* _Activity_
From the entries below, reproduce exactly the line containing "#42=EDGE_CURVE('E45',#41,#41,#39,.F.);", the line containing "#54=DIRECTION('',(0.,0.,1.));", and every line in between, with nothing added.
===== Material supplied
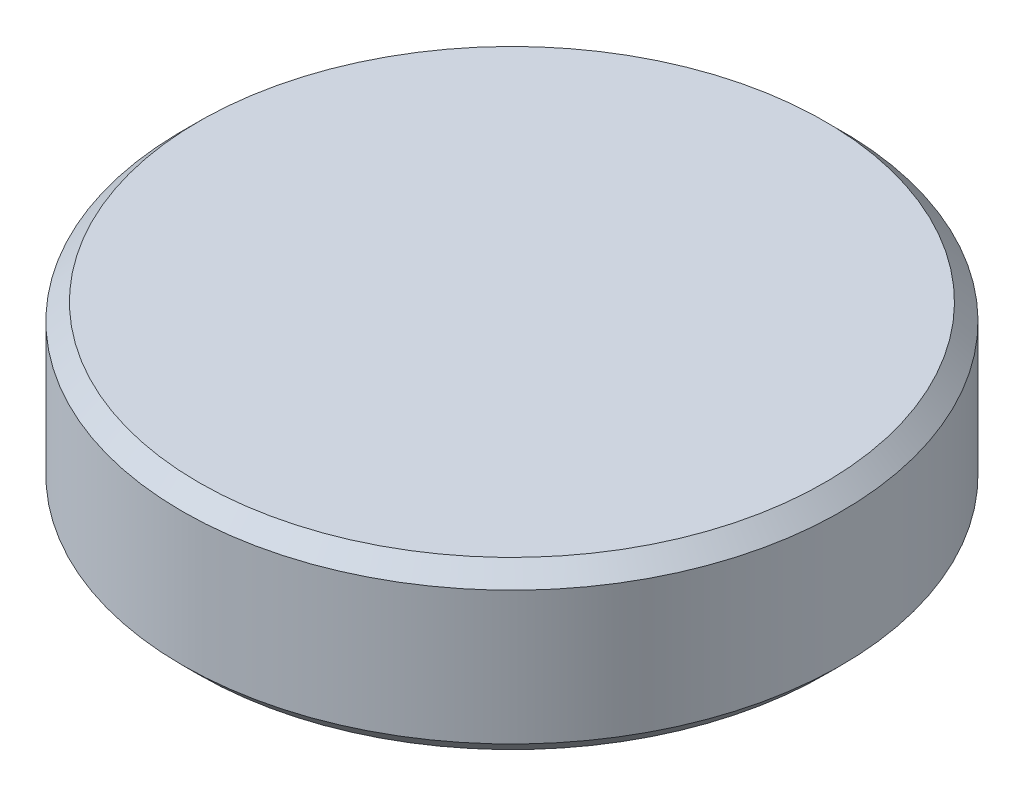
ISO-10303-21;
HEADER;
FILE_DESCRIPTION(('STEP AP214'),'2;1');
FILE_NAME('part.step','',(''),(''),'','','');
FILE_SCHEMA(('AUTOMOTIVE_DESIGN { 1 0 10303 214 1 1 1 1 }'));
ENDSEC;
DATA;
#1=APPLICATION_CONTEXT('core data for automotive mechanical design processes');
#2=APPLICATION_PROTOCOL_DEFINITION('international standard','automotive_design',2000,#1);
#3=PRODUCT_CONTEXT('',#1,'mechanical');
#4=PRODUCT('Part','Part','',(#3));
#5=PRODUCT_RELATED_PRODUCT_CATEGORY('part','',(#4));
#6=PRODUCT_DEFINITION_FORMATION('','',#4);
#7=PRODUCT_DEFINITION_CONTEXT('part definition',#1,'design');
#8=PRODUCT_DEFINITION('design','',#6,#7);
#9=PRODUCT_DEFINITION_SHAPE('','',#8);
#10=(LENGTH_UNIT() NAMED_UNIT(*) SI_UNIT(.MILLI.,.METRE.));
#11=(NAMED_UNIT(*) PLANE_ANGLE_UNIT() SI_UNIT($,.RADIAN.));
#12=(NAMED_UNIT(*) SI_UNIT($,.STERADIAN.) SOLID_ANGLE_UNIT());
#13=UNCERTAINTY_MEASURE_WITH_UNIT(LENGTH_MEASURE(1.E-05),#10,'distance_accuracy_value','');
#14=(GEOMETRIC_REPRESENTATION_CONTEXT(3) GLOBAL_UNCERTAINTY_ASSIGNED_CONTEXT((#13)) GLOBAL_UNIT_ASSIGNED_CONTEXT((#10,
#11,#12)) REPRESENTATION_CONTEXT('',''));
#15=CARTESIAN_POINT('',(0.,0.,0.));
#16=DIRECTION('',(0.,0.,1.));
#17=DIRECTION('',(1.,0.,0.));
#18=AXIS2_PLACEMENT_3D('',#15,#16,#17);
#19=CARTESIAN_POINT('',(0.,2.5,0.));
#20=DIRECTION('',(0.,-1.,0.));
#21=DIRECTION('',(0.,0.,-1.));
#22=AXIS2_PLACEMENT_3D('',#19,#20,#21);
#23=CYLINDRICAL_SURFACE('',#22,4.95);
#24=CARTESIAN_POINT('',(0.,0.250000000000001,0.));
#25=DIRECTION('',(0.,1.,0.));
#26=DIRECTION('',(0.,0.,1.));
#27=AXIS2_PLACEMENT_3D('',#24,#25,#26);
#28=CIRCLE('',#27,4.95);
#29=CARTESIAN_POINT('',(0.,0.250000000000001,4.95));
#30=VERTEX_POINT('',#29);
#31=EDGE_CURVE('E41',#30,#30,#28,.T.);
#32=ORIENTED_EDGE('',*,*,#31,.T.);
#33=EDGE_LOOP('',(#32));
#34=FACE_BOUND('',#33,.T.);
#35=CARTESIAN_POINT('',(0.,2.25,0.));
#36=DIRECTION('',(0.,1.,0.));
#37=DIRECTION('',(0.,0.,1.));
#38=AXIS2_PLACEMENT_3D('',#35,#36,#37);
#39=CIRCLE('',#38,4.95);
#40=CARTESIAN_POINT('',(0.,2.25,4.95));
#41=VERTEX_POINT('',#40);
#42=EDGE_CURVE('E45',#41,#41,#39,.F.);
#43=ORIENTED_EDGE('',*,*,#42,.T.);
#44=EDGE_LOOP('',(#43));
#45=FACE_BOUND('',#44,.T.);
#46=ADVANCED_FACE('F30',(#34,#45),#23,.T.);
#47=CARTESIAN_POINT('',(0.,2.5,0.));
#48=DIRECTION('',(0.,1.,0.));
#49=DIRECTION('',(0.,0.,1.));
#50=AXIS2_PLACEMENT_3D('',#47,#48,#49);
#51=PLANE('',#50);
#52=CARTESIAN_POINT('',(0.,2.5,0.));
#53=DIRECTION('',(0.,1.,0.));
#54=DIRECTION('',(0.,0.,1.));
#55=AXIS2_PLACEMENT_3D('',#52,#53,#54);
#56=CIRCLE('',#55,4.7);
#57=CARTESIAN_POINT('',(0.,2.5,4.7));
#58=VERTEX_POINT('',#57);
#59=EDGE_CURVE('E10',#58,#58,#56,.T.);
#60=ORIENTED_EDGE('',*,*,#59,.T.);
#61=EDGE_LOOP('',(#60));
#62=FACE_BOUND('',#61,.T.);
#63=ADVANCED_FACE('F61',(#62),#51,.T.);
#64=CARTESIAN_POINT('',(0.,0.,0.));
#65=DIRECTION('',(0.,1.,0.));
#66=DIRECTION('',(0.,0.,1.));
#67=AXIS2_PLACEMENT_3D('',#64,#65,#66);
#68=PLANE('',#67);
#69=CARTESIAN_POINT('',(0.,0.,0.));
#70=DIRECTION('',(0.,1.,0.));
#71=DIRECTION('',(0.,0.,1.));
#72=AXIS2_PLACEMENT_3D('',#69,#70,#71);
#73=CIRCLE('',#72,4.7);
#74=CARTESIAN_POINT('',(0.,0.,4.7));
#75=VERTEX_POINT('',#74);
#76=EDGE_CURVE('E37',#75,#75,#73,.F.);
#77=ORIENTED_EDGE('',*,*,#76,.T.);
#78=EDGE_LOOP('',(#77));
#79=FACE_BOUND('',#78,.T.);
#80=ADVANCED_FACE('F58',(#79),#68,.F.);
#81=CARTESIAN_POINT('',(0.,0.250000000000001,0.));
#82=DIRECTION('',(0.,1.,0.));
#83=DIRECTION('',(0.,0.,1.));
#84=AXIS2_PLACEMENT_3D('',#81,#82,#83);
#85=CONICAL_SURFACE('',#84,4.95,0.78539816339745);
#86=ORIENTED_EDGE('',*,*,#76,.F.);
#87=EDGE_LOOP('',(#86));
#88=FACE_BOUND('',#87,.T.);
#89=ORIENTED_EDGE('',*,*,#31,.F.);
#90=EDGE_LOOP('',(#89));
#91=FACE_BOUND('',#90,.T.);
#92=ADVANCED_FACE('F54',(#88,#91),#85,.T.);
#93=CARTESIAN_POINT('',(0.,2.5,0.));
#94=DIRECTION('',(0.,-1.,0.));
#95=DIRECTION('',(0.,0.,-1.));
#96=AXIS2_PLACEMENT_3D('',#93,#94,#95);
#97=CONICAL_SURFACE('',#96,4.7,0.785398163397448);
#98=ORIENTED_EDGE('',*,*,#42,.F.);
#99=EDGE_LOOP('',(#98));
#100=FACE_BOUND('',#99,.T.);
#101=ORIENTED_EDGE('',*,*,#59,.F.);
#102=EDGE_LOOP('',(#101));
#103=FACE_BOUND('',#102,.T.);
#104=ADVANCED_FACE('F32',(#100,#103),#97,.T.);
#105=CLOSED_SHELL('',(#46,#63,#80,#92,#104));
#106=MANIFOLD_SOLID_BREP('B2',#105);
#107=ADVANCED_BREP_SHAPE_REPRESENTATION('',(#18,#106),#14);
#108=SHAPE_DEFINITION_REPRESENTATION(#9,#107);
ENDSEC;
END-ISO-10303-21;
==========
* _The completed task_
#42=EDGE_CURVE('E45',#41,#41,#39,.F.);
#43=ORIENTED_EDGE('',*,*,#42,.T.);
#44=EDGE_LOOP('',(#43));
#45=FACE_BOUND('',#44,.T.);
#46=ADVANCED_FACE('F30',(#34,#45),#23,.T.);
#47=CARTESIAN_POINT('',(0.,2.5,0.));
#48=DIRECTION('',(0.,1.,0.));
#49=DIRECTION('',(0.,0.,1.));
#50=AXIS2_PLACEMENT_3D('',#47,#48,#49);
#51=PLANE('',#50);
#52=CARTESIAN_POINT('',(0.,2.5,0.));
#53=DIRECTION('',(0.,1.,0.));
#54=DIRECTION('',(0.,0.,1.));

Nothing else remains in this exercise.